Настя.
Только в наших стационарах прописывают лекарства, за которыми нужно еще и в аптеку сходить, а из медикаментов в наличии только бинты и вата.
Я лежала на трещащей по швам кряхтящей кровати и подглядывала на желтый потолок с оранжевыми пятнами, изучая замысловатые рисунки отслоившейся краски.
То ли на него брызнули снизу, то ли не выдержали с верхнего этажа.
Продавленный посередине матрас больше напоминал коврик для пилатеса, на котором я никогда не была… ну, или ватрушку. А пружины провисали практически до пола, и было ощущение, что я валяюсь в гамаке под рыжим солнцем. Палата на восемь коек, две тумбочки, раковина с зеркалом размером в одну маленькую плиточку и окна без ручек наводили тоску. Палата общая, потому что в других ремонт, и нет мест, и вообще, скажи спасибо, что не в коридоре положили.
Ремонт больниц, как и дорог, производятся на ежегодной основе, а потом всякие члены строят себе замки над обрывом.
Но больше всего меня убивал тот факт, что на мне была надета ночная рубашка, которую принесли из гинекологического отделения после какой-то роженицы.
Я, конечно, понимаю, что роды – это не курорт, но ведь в эту хэбэшную дырявую размахайку можно поместить, как минимум, всю чету пузатых Домниных.
Выцветшие голубые колокольчики украшали пятна не отстиранной крови и, вероятно, молока, а, может, и чего похуже. Завязочки на шее не помогали одеть мою грудь от слова совсем, хотя конструкция советской ночнухи вряд ли подразумевала сокрытие еды от младенца. Я вообще не поняла, зачем был верх у этого наряда от кутюр, можно было остаться в одних трусах. Но голой, как и, впрочем, в моем платье меня не пустили и принесли, как сказали, лучший вариант.
Без связи, без одежды, без документов, без денег… мой единственный знакомый неизвестно где, а в выходной день можешь сразу помирать.

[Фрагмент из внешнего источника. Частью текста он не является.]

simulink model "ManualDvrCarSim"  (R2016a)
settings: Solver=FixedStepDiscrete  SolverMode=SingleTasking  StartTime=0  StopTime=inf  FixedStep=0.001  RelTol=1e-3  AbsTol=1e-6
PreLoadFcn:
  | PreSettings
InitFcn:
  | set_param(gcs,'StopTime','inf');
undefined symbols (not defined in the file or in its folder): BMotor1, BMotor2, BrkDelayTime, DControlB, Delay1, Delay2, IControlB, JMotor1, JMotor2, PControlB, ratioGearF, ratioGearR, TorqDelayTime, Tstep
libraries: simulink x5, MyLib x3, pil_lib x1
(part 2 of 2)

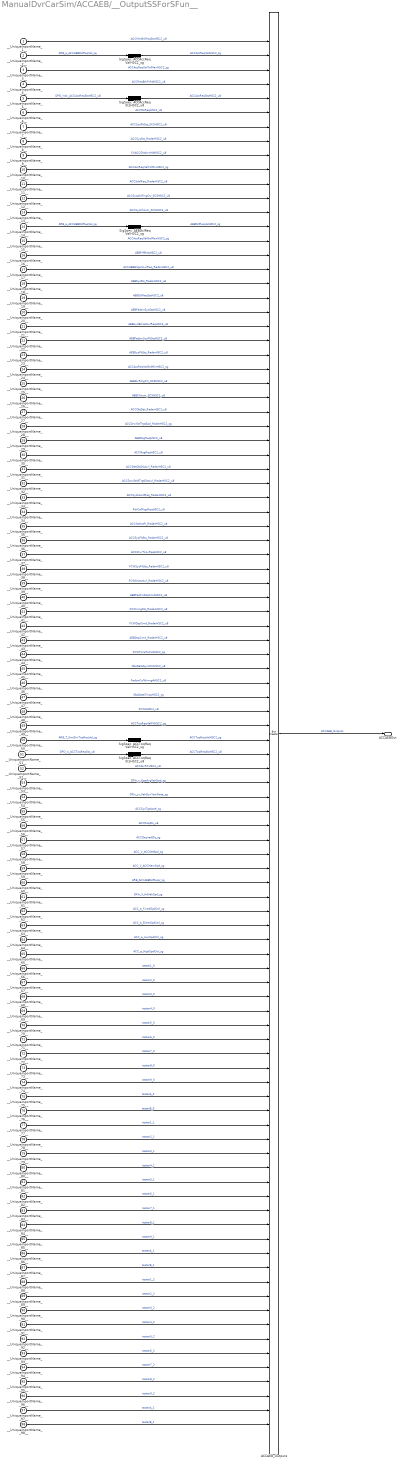
== system ManualDvrCarSim/ACCAEB/__OutputSSForSFun__ ==
  __UniqueInportName__1__ : Inport
  __UniqueInportName__2__ : Inport  Port=2
  __UniqueInportName__3__ : Inport  Port=3
  __UniqueInportName__4__ : Inport  Port=4
  __UniqueInportName__5__ : Inport  Port=5
  __UniqueInportName__6__ : Inport  Port=6
  __UniqueInportName__7__ : Inport  Port=7
  __UniqueInportName__8__ : Inport  Port=8
  __UniqueInportName__9__ : Inport  Port=9
  __UniqueInportName__10__ : Inport  Port=10
  __UniqueInportName__11__ : Inport  Port=11
  __UniqueInportName__12__ : Inport  Port=12
  __UniqueInportName__13__ : Inport  Port=13
  __UniqueInportName__14__ : Inport  Port=14
  __UniqueInportName__15__ : Inport  Port=15
  __UniqueInportName__16__ : Inport  Port=16
  __UniqueInportName__17__ : Inport  Port=17
  __UniqueInportName__18__ : Inport  Port=18
  __UniqueInportName__19__ : Inport  Port=19
  __UniqueInportName__20__ : Inport  Port=20
  __UniqueInportName__21__ : Inport  Port=21
  __UniqueInportName__22__ : Inport  Port=22
  __UniqueInportName__23__ : Inport  Port=23
  __UniqueInportName__24__ : Inport  Port=24
  __UniqueInportName__25__ : Inport  Port=25
  __UniqueInportName__26__ : Inport  Port=26
  __UniqueInportName__27__ : Inport  Port=27
  __UniqueInportName__28__ : Inport  Port=28
  __UniqueInportName__29__ : Inport  Port=29
  __UniqueInportName__30__ : Inport  Port=30
  __UniqueInportName__31__ : Inport  Port=31
  __UniqueInportName__32__ : Inport  Port=32
  __UniqueInportName__33__ : Inport  Port=33
  __UniqueInportName__34__ : Inport  Port=34
  __UniqueInportName__35__ : Inport  Port=35
  __UniqueInportName__36__ : Inport  Port=36
  __UniqueInportName__37__ : Inport  Port=37
  __UniqueInportName__38__ : Inport  Port=38
  __UniqueInportName__39__ : Inport  Port=39
  __UniqueInportName__40__ : Inport  Port=40
  __UniqueInportName__41__ : Inport  Port=41
  __UniqueInportName__42__ : Inport  Port=42
  __UniqueInportName__43__ : Inport  Port=43
  __UniqueInportName__44__ : Inport  Port=44
  __UniqueInportName__45__ : Inport  Port=45
  __UniqueInportName__46__ : Inport  Port=46
  __UniqueInportName__47__ : Inport  Port=47
  __UniqueInportName__48__ : Inport  Port=48
  __UniqueInportName__49__ : Inport  Port=49
  __UniqueInportName__50__ : Inport  Port=50
  __UniqueInportName__51__ : Inport  Port=51
  __UniqueInportName__52__ : Inport  Port=52
  __UniqueInportName__53__ : Inport  Port=53
  __UniqueInportName__54__ : Inport  Port=54
  __UniqueInportName__55__ : Inport  Port=55
  __UniqueInportName__56__ : Inport  Port=56
  __UniqueInportName__57__ : Inport  Port=57
  __UniqueInportName__58__ : Inport  Port=58
  __UniqueInportName__59__ : Inport  Port=59
  __UniqueInportName__60__ : Inport  Port=60
  __UniqueInportName__61__ : Inport  Port=61
  __UniqueInportName__62__ : Inport  Port=62
  __UniqueInportName__63__ : Inport  Port=63
  __UniqueInportName__64__ : Inport  Port=64
  __UniqueInportName__65__ : Inport  Port=65
  __UniqueInportName__66__ : Inport  Port=66
  __UniqueInportName__67__ : Inport  Port=67
  __UniqueInportName__68__ : Inport  Port=68
  __UniqueInportName__69__ : Inport  Port=69
  __UniqueInportName__70__ : Inport  Port=70
  __UniqueInportName__71__ : Inport  Port=71
  __UniqueInportName__72__ : Inport  Port=72
  __UniqueInportName__73__ : Inport  Port=73
  __UniqueInportName__74__ : Inport  Port=74
  __UniqueInportName__75__ : Inport  Port=75
  __UniqueInportName__76__ : Inport  Port=76
  __UniqueInportName__77__ : Inport  Port=77
  __UniqueInportName__78__ : Inport  Port=78
  __UniqueInportName__79__ : Inport  Port=79
  __UniqueInportName__80__ : Inport  Port=80
  __UniqueInportName__81__ : Inport  Port=81
  __UniqueInportName__82__ : Inport  Port=82
  __UniqueInportName__83__ : Inport  Port=83
  __UniqueInportName__84__ : Inport  Port=84
  __UniqueInportName__85__ : Inport  Port=85
  __UniqueInportName__86__ : Inport  Port=86
  __UniqueInportName__87__ : Inport  Port=87
  __UniqueInportName__88__ : Inport  Port=88
  __UniqueInportName__89__ : Inport  Port=89
  __UniqueInportName__90__ : Inport  Port=90
  __UniqueInportName__91__ : Inport  Port=91
  __UniqueInportName__92__ : Inport  Port=92
  __UniqueInportName__93__ : Inport  Port=93
  __UniqueInportName__94__ : Inport  Port=94
  __UniqueInportName__95__ : Inport  Port=95
  __UniqueInportName__96__ : Inport  Port=96
  __UniqueInportName__97__ : Inport  Port=97
  __UniqueInportName__98__ : Inport  Port=98
  ACCAEB_Outputs : BusCreator  Inputs=98
  SigSpec_ACCAccReqStsHSC2_u8 : Demux  Outputs=1
  SigSpec_ACCAccReqValHSC2_sg : Demux  Outputs=1
  SigSpec_ACCToqReqStsHSC2_u8 : Demux  Outputs=1
  SigSpec_ACCToqReqValHSC2_sg : Demux  Outputs=1
  SigSpec_AEBDclReqValHSC2_sg : Demux  Outputs=1
  ACCAEBOut : Outport
  wires:
  __UniqueInportName__2__/1 -> SigSpec_ACCAccReqValHSC2_sg/1  "ARB_a_ACCAEBDclReqVal_sg"
  __UniqueInportName__5__/1 -> SigSpec_ACCAccReqStsHSC2_u8/1  "DPO_indx_ACCAccReqStsHSC2_u8"
  __UniqueInportName__14__/1 -> SigSpec_AEBDclReqValHSC2_sg/1  "ARB_a_ACCAEBDclReqVal_sg"
  __UniqueInportName__50__/1 -> SigSpec_ACCToqReqValHSC2_sg/1  "ARB_T_SmtDrvToqReqVal_sg"
  __UniqueInportName__51__/1 -> SigSpec_ACCToqReqStsHSC2_u8/1  "DPO_is_ACCToqReqSts_u8"
  __UniqueInportName__1__/1 -> ACCAEB_Outputs/1  "ACCMinBrkReqStsHSC2_u8"
  SigSpec_ACCAccReqValHSC2_sg/1 -> ACCAEB_Outputs/2  "ACCAccReqValHSC2_sg"
  __UniqueInportName__3__/1 -> ACCAEB_Outputs/3  "ACCAccReqValTolMaxHSC2_sg"
  __UniqueInportName__4__/1 -> ACCAEB_Outputs/4  "ACCReqBrkPrfrdHSC2_u8"
  SigSpec_ACCAccReqStsHSC2_u8/1 -> ACCAEB_Outputs/5  "ACCAccReqStsHSC2_u8"
  __UniqueInportName__6__/1 -> ACCAEB_Outputs/6  "ACCGoReqHSC2_u8"
  __UniqueInportName__7__/1 -> ACCAEB_Outputs/7  "ACCSysFltSts_SCSHSC2_u8"
  __UniqueInportName__8__/1 -> ACCAEB_Outputs/8  "ACCSysSts_RadarHSC2_u8"
  __UniqueInportName__9__/1 -> ACCAEB_Outputs/9  "ChACCShtdwnMdHSC2_u8"
  __UniqueInportName__10__/1 -> ACCAEB_Outputs/10  "ACCAccReqValTolMinHSC2_sg"
  __UniqueInportName__11__/1 -> ACCAEB_Outputs/11  "ACCSdslReq_RadarHSC2_u8"
  __UniqueInportName__12__/1 -> ACCAEB_Outputs/12  "ACCSysAlvRlngCtr_SCSHSC2_u8"
  __UniqueInportName__13__/1 -> ACCAEB_Outputs/13  "ACCSysChksm_SCSHSC2_u8"
  SigSpec_AEBDclReqValHSC2_sg/1 -> ACCAEB_Outputs/14  "AEBDclReqValHSC2_sg"
  __UniqueInportName__15__/1 -> ACCAEB_Outputs/15  "ACCAccReqValGrdMaxHSC2_sg"
  __UniqueInportName__16__/1 -> ACCAEB_Outputs/16  "AEBPrflReqHSC2_u8"
  __UniqueInportName__17__/1 -> ACCAEB_Outputs/17  "ACCAEBBrkJerkLvlReq_RadarHSC2_u8"
  __UniqueInportName__18__/1 -> ACCAEB_Outputs/18  "AEBSysSts_RadarHSC2_u8"
  __UniqueInportName__19__/1 -> ACCAEB_Outputs/19  "AEBDclReqStsHSC2_u8"
  __UniqueInportName__20__/1 -> ACCAEB_Outputs/20  "AEBPedtrnSysStsHSC2_u8"
  __UniqueInportName__21__/1 -> ACCAEB_Outputs/21  "AEBHydBrkAstLvlReqHSC2_u8"
  __UniqueInportName__22__/1 -> ACCAEB_Outputs/22  "AEBPedtrnSysFltStsHSC2_u8"
  __UniqueInportName__23__/1 -> ACCAEB_Outputs/23  "AEBSysFltSts_RadarHSC2_u8"
  __UniqueInportName__24__/1 -> ACCAEB_Outputs/24  "ACCAccReqValGrdMinHSC2_sg"
  __UniqueInportName__25__/1 -> ACCAEB_Outputs/25  "AEBAlvRlngCtr_SCSHSC2_u8"
  __UniqueInportName__26__/1 -> ACCAEB_Outputs/26  "AEBChksm_SCSHSC2_u8"
  __UniqueInportName__27__/1 -> ACCAEB_Outputs/27  "ACCObjDet_RadarHSC2_u8"
  __UniqueInportName__28__/1 -> ACCAEB_Outputs/28  "ACCDrvrSelTrgtSpd_RadarHSC2_sg"
  __UniqueInportName__29__/1 -> ACCAEB_Outputs/29  "AEBMsgReqHSC2_u8"
  __UniqueInportName__30__/1 -> ACCAEB_Outputs/30  "ACCMsgReqHSC2_u8"
  __UniqueInportName__31__/1 -> ACCAEB_Outputs/31  "ACCDetObjDistLvl_RadarHSC2_u8"
  __UniqueInportName__32__/1 -> ACCAEB_Outputs/32  "ACCDrvrSeldTrgtDistLvl_RadarHSC2_u8"
  __UniqueInportName__33__/1 -> ACCAEB_Outputs/33  "ACCSysCanclReq_RadarHSC2_u8"
  __UniqueInportName__34__/1 -> ACCAEB_Outputs/34  "RdrCalPrgsReqHSC2_u8"
  __UniqueInportName__35__/1 -> ACCAEB_Outputs/35  "ACCGoNotfr_RadarHSC2_u8"
  __UniqueInportName__36__/1 -> ACCAEB_Outputs/36  "ACCSysFltSts_RadarHSC2_u8"
  __UniqueInportName__37__/1 -> ACCAEB_Outputs/37  "ACCDrvrTkovReqHSC2_u8"
  __UniqueInportName__38__/1 -> ACCAEB_Outputs/38  "FCWSysFltSts_RadarHSC2_u8"
  __UniqueInportName__39__/1 -> ACCAEB_Outputs/39  "FCWSnstvtLvl_RadarHSC2_u8"
  __UniqueInportName__40__/1 -> ACCAEB_Outputs/40  "AEBPedtrnDspCmdHSC2_u8"
  __UniqueInportName__41__/1 -> ACCAEB_Outputs/41  "FCWrnngSts_RadarHSC2_u8"
  __UniqueInportName__42__/1 -> ACCAEB_Outputs/42  "FCWDspCmd_RadarHSC2_u8"
  __UniqueInportName__43__/1 -> ACCAEB_Outputs/43  "AEBDspCmd_RadarHSC2_u8"
  __UniqueInportName__44__/1 -> ACCAEB_Outputs/44  "FCWTimeToColHSC2_sg"
  __UniqueInportName__45__/1 -> ACCAEB_Outputs/45  "ObsDataSyncCtrHSC2_u8"
  __UniqueInportName__46__/1 -> ACCAEB_Outputs/46  "PedtrnColWrnngAHSC2_u8"
  __UniqueInportName__47__/1 -> ACCAEB_Outputs/47  "ObsDataTmspHSC2_sg"
  __UniqueInportName__48__/1 -> ACCAEB_Outputs/48  "FCWAHSC2_u8"
  __UniqueInportName__49__/1 -> ACCAEB_Outputs/49  "ACCToqReqValPVHSC2_sg"
  SigSpec_ACCToqReqValHSC2_sg/1 -> ACCAEB_Outputs/50  "ACCToqReqValHSC2_sg"
  SigSpec_ACCToqReqStsHSC2_u8/1 -> ACCAEB_Outputs/51  "ACCToqReqStsHSC2_u8"
  __UniqueInportName__52__/1 -> ACCAEB_Outputs/52  "ACCAlvRCHSC2_u8"
  __UniqueInportName__53__/1 -> ACCAEB_Outputs/53  "DFIn_v_EgoAvgVehSpd_sg"
  __UniqueInportName__54__/1 -> ACCAEB_Outputs/54  "DFIn_yr_VehDynYawRate_sg"
  __UniqueInportName__55__/1 -> ACCAEB_Outputs/55  "ACCSysTgtAccel_sg"
  __UniqueInportName__56__/1 -> ACCAEB_Outputs/56  "ACCReqSts_u8"
  __UniqueInportName__57__/1 -> ACCAEB_Outputs/57  "ACCDesiredDis_sg"
  __UniqueInportName__58__/1 -> ACCAEB_Outputs/58  "ACC_V_ACCSetSpd_sg"
  __UniqueInportName__59__/1 -> ACCAEB_Outputs/59  "ACC_V_ACCMemSpd_sg"
  __UniqueInportName__60__/1 -> ACCAEB_Outputs/60  "ARB_ACCAEBDclReqV_sg"
  __UniqueInportName__61__/1 -> ACCAEB_Outputs/61  "DFIn_V_HdVehSpd_sg"
  __UniqueInportName__62__/1 -> ACCAEB_Outputs/62  "ACC_a_FixedSpdCtrl_sg"
  __UniqueInportName__63__/1 -> ACCAEB_Outputs/63  "ACC_a_EmerSpdCtrl_sg"
  __UniqueInportName__64__/1 -> ACCAEB_Outputs/64  "ACC_a_LowSpdCtrl_sg"
  __UniqueInportName__65__/1 -> ACCAEB_Outputs/65  "ACC_a_HighSpdCtrl_sg"
  __UniqueInportName__66__/1 -> ACCAEB_Outputs/66  "tester1_0"
  __UniqueInportName__67__/1 -> ACCAEB_Outputs/67  "tester2_0"
  __UniqueInportName__68__/1 -> ACCAEB_Outputs/68  "tester3_0"
  __UniqueInportName__69__/1 -> ACCAEB_Outputs/69  "tester4_0"
  __UniqueInportName__70__/1 -> ACCAEB_Outputs/70  "tester5_0"
  __UniqueInportName__71__/1 -> ACCAEB_Outputs/71  "tester6_0"
  __UniqueInportName__72__/1 -> ACCAEB_Outputs/72  "tester7_0"
  __UniqueInportName__73__/1 -> ACCAEB_Outputs/73  "tester8_0"
  __UniqueInportName__74__/1 -> ACCAEB_Outputs/74  "tester9_0"
  __UniqueInportName__75__/1 -> ACCAEB_Outputs/75  "testerA_0"
  __UniqueInportName__76__/1 -> ACCAEB_Outputs/76  "testerB_0"
  __UniqueInportName__77__/1 -> ACCAEB_Outputs/77  "tester1_1"
  __UniqueInportName__78__/1 -> ACCAEB_Outputs/78  "tester2_1"
  __UniqueInportName__79__/1 -> ACCAEB_Outputs/79  "tester3_1"
  __UniqueInportName__80__/1 -> ACCAEB_Outputs/80  "tester4_1"
  __UniqueInportName__81__/1 -> ACCAEB_Outputs/81  "tester5_1"
  __UniqueInportName__82__/1 -> ACCAEB_Outputs/82  "tester6_1"
  __UniqueInportName__83__/1 -> ACCAEB_Outputs/83  "tester7_1"
  __UniqueInportName__84__/1 -> ACCAEB_Outputs/84  "tester8_1"
  __UniqueInportName__85__/1 -> ACCAEB_Outputs/85  "tester9_1"
  __UniqueInportName__86__/1 -> ACCAEB_Outputs/86  "testerA_1"
  __UniqueInportName__87__/1 -> ACCAEB_Outputs/87  "testerB_1"
  __UniqueInportName__88__/1 -> ACCAEB_Outputs/88  "tester1_2"
  __UniqueInportName__89__/1 -> ACCAEB_Outputs/89  "tester2_2"
  __UniqueInportName__90__/1 -> ACCAEB_Outputs/90  "tester3_2"
  __UniqueInportName__91__/1 -> ACCAEB_Outputs/91  "tester4_2"
  __UniqueInportName__92__/1 -> ACCAEB_Outputs/92  "tester5_2"
  __UniqueInportName__93__/1 -> ACCAEB_Outputs/93  "tester6_2"
  __UniqueInportName__94__/1 -> ACCAEB_Outputs/94  "tester7_2"
  __UniqueInportName__95__/1 -> ACCAEB_Outputs/95  "tester8_2"
  __UniqueInportName__96__/1 -> ACCAEB_Outputs/96  "tester9_2"
  __UniqueInportName__97__/1 -> ACCAEB_Outputs/97  "testerA_2"
  __UniqueInportName__98__/1 -> ACCAEB_Outputs/98  "testerB_2"
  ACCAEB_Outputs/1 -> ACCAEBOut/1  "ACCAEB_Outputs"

Я вспомнила, как мы всем классом ходили друг к дружке в ЛОР отделение и ждали очередного несчастного с отвратительнейшей процедуры под названием «Кукушка». Мы заводили новые знакомства и играли в карты на щелбаны. Шкерились за полуразрушенной больницей и курили под гигантскими лопухами.
Не спорю, медицина безусловно шагнула вперед, но в больших городах и в платных клиниках. В провинции, конечно, тоже убрали обшарпанные кресла с актового зала из приемного покоя и греющихся бомжей вместе с ними, но и, собственно, больниц то больше тех не осталось. Медицина шагает прямо по зданиям и персоналу, не щадя физио и развивая фармацевтику.
Мне стало грустно. Я взглянула на часы, которые всегда показывали пять тридцать три.
В моей больничной палате неизменно пахло перегаром и кислыми щами. Я, конечно, прихерела, когда суп привезли в алюминиевом ведре, на котором был нанесен инвентарный номер. После того, как разносчица и уборщица по совместительству вышла, мужики завошкались, и я услышала звук льющейся воды и стук керамических кружек с тостом: «Ну, на здоровье».
Сердобольная медсестра Люба дала мне позвонить брату, и я терпеливо ждала его приезда. Ждала лежа, потому что сорочка хоть и была в десять раз больше меня, она совершенно не скрывала моей наготы и, если честно, позорила весь женский род.
В коридоре кто-то смотрел телевизор на полную громкость, и все слушали, на какую оценку станцевала очередная звезда в очередном танцевальном шоу. Зрители в холле громко критиковали как судей, так и выступающих.
Наверное, в прошлом олимпийские чемпионы.
Дежурный врач осмотрел следы от Вечного, которые он оставил в порыве ярости, полиция сняла побои с вопросом: «Заяву на мужа будешь катать?». Сразу вспомнила мать, которая «катала» и «откатывала» регулярно раз неделю.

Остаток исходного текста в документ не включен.